Ask HN: If your startup fails, can you be an employee at another company? - timrpeterson
======
DiversityinSV
My last co-founder kinda soured badly on steady corporate world. I plucked him
from Yahoo (before Marissa) and did a startup for a couple of years. When we
closed shop, he tried to go back to the corporate world (Disney/BigCommerce)
and found them unsufferable. He got used to small, do whatever I want to do.
He ended up at another startup, a little bigger, but still under 40 people.
So, moral of the story is that some people won't go back to big corporate
behemoths after doing a startup.

If you are a dev/eng/cs guy you'll land fast anywhere, non-dev startup work
(marketing/PR/social/sales/support/fundraising) will require a lot of
explaining and time. You'll get there.

------
muzani
"Failed" startup founder here.

For me, it's just a matter of what's more cost efficient. Statistically it's
easier to get a job than funding. Very little of funding ends up in founders'
pockets anyway.

Salaries and openings for developers have gone way up lately. Entrepreneurs
need to chase the best opportunity and timing.

Also inevitably, you come across competition. Ideally you become best friends
with your competitors. Because statistically, fail rate is high.

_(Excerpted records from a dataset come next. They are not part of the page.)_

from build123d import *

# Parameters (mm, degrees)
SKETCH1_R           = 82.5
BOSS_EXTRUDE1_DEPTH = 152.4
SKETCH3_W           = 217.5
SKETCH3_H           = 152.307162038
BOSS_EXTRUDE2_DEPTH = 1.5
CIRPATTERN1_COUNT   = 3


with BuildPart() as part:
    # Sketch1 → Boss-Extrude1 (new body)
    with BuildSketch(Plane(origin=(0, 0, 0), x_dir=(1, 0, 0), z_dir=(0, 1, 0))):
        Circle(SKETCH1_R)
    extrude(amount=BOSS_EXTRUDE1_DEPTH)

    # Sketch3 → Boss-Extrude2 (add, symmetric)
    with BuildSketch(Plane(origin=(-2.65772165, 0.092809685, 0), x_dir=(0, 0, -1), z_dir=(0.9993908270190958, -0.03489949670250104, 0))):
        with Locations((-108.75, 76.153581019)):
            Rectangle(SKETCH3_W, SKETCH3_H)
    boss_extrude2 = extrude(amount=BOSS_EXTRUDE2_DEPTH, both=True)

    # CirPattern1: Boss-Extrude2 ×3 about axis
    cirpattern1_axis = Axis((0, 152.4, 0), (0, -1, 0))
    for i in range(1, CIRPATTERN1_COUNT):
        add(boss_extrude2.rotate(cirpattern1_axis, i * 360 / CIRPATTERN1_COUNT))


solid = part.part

The best employee is very often someone who can build/sell something very
effectively. The best employer is someone who views you as an equal, works on
your vision, and admires your strengths. So competitors are often a perfect
match.

------
smeyer
To add on to what celticninja said, it's not just that it can be done, but is
in fact quite common. Experience from running a startup can be a positive even
if the company failed. Do you have a more specific question or any other
information?

------
celticninja
Yes. Providing information as to why you think this is not possible may widen
the scope of the discussion.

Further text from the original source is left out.